WHAT TO DO
Transcribe exactly the lines that fall between the one holding "line L6 (25, -25) -> (-25, 25) construction" and the one holding "0) normal (0, 0, -1)", inclusive, from the entries below.

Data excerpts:
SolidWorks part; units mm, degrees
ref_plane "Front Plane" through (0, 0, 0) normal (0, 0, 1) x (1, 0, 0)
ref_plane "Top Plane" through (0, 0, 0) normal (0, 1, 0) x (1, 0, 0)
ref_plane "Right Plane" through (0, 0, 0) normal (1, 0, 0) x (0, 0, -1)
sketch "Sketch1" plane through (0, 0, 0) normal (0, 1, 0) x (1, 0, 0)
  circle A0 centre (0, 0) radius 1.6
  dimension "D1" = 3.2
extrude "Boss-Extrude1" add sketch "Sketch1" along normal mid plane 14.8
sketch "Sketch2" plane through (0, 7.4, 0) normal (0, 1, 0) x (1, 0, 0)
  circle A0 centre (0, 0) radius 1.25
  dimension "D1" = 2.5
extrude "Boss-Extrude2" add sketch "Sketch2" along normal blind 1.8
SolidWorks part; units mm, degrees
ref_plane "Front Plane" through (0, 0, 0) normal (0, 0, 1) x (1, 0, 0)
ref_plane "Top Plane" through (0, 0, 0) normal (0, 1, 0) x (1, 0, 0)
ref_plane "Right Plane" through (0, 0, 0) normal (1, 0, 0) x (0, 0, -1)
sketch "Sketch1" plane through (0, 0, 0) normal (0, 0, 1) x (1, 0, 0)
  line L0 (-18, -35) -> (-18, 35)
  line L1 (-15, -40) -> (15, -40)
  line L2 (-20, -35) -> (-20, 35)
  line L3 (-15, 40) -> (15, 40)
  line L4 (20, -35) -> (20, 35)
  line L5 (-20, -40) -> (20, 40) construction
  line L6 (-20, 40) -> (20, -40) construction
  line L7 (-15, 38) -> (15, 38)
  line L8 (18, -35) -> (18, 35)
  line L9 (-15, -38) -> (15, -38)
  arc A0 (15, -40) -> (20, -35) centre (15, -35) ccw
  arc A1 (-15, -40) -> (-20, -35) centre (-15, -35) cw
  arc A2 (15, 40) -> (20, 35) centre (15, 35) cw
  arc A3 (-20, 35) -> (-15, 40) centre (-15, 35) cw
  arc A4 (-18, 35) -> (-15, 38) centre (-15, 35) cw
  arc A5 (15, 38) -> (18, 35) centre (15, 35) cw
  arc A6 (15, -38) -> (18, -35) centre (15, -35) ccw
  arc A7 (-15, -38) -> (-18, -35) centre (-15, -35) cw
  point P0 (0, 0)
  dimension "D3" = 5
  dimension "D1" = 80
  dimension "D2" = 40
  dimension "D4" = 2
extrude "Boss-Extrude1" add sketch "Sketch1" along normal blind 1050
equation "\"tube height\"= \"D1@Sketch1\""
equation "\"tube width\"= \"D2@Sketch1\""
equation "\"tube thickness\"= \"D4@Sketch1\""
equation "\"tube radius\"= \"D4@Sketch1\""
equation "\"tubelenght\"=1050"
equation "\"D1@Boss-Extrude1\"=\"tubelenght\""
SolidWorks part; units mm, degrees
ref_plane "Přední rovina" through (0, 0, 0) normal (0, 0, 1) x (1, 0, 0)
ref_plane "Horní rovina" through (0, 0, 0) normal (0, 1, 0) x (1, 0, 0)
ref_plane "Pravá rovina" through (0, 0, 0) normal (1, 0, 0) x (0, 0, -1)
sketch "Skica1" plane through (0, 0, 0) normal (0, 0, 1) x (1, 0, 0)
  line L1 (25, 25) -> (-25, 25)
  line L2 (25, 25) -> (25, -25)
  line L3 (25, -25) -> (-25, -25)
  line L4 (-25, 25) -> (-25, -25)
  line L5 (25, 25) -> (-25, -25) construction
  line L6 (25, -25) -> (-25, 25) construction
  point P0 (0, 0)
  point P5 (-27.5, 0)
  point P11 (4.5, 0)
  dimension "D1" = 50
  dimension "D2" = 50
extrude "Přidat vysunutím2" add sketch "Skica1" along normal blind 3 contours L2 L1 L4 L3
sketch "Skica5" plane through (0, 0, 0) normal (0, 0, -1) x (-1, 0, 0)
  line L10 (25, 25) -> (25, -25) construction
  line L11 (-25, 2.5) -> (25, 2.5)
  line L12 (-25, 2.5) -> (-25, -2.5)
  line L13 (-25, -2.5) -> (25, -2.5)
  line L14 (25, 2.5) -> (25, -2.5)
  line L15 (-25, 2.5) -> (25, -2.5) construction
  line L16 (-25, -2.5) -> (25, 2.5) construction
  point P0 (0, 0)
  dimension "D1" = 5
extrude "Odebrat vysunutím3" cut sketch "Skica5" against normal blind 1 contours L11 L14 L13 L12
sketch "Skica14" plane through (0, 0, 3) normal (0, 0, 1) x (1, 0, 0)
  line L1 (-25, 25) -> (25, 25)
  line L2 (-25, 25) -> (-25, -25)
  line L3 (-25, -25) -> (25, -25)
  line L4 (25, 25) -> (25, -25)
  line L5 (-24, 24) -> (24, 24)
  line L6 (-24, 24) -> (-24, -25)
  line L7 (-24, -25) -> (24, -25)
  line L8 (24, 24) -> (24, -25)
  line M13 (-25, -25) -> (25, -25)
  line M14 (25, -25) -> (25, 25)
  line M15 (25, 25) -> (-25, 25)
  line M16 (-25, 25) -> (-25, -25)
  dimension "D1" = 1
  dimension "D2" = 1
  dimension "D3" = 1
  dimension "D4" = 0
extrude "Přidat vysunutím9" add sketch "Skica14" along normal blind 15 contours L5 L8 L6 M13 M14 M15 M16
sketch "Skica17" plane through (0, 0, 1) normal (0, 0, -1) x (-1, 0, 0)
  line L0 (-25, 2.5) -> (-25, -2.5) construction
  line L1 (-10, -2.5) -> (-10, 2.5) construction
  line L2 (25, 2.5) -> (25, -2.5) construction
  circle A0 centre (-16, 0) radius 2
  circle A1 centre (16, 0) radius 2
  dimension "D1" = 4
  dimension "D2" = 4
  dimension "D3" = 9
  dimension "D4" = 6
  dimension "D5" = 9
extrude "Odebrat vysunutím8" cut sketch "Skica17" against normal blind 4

TASK RESPONSE
  line L6 (25, -25) -> (-25, 25) construction
  point P0 (0, 0)
  point P5 (-27.5, 0)
  point P11 (4.5, 0)
  dimension "D1" = 50
  dimension "D2" = 50
extrude "Přidat vysunutím2" add sketch "Skica1" along normal blind 3 contours L2 L1 L4 L3
sketch "Skica5" plane through (0, 0, 0) normal (0, 0, -1) x (-1, 0, 0)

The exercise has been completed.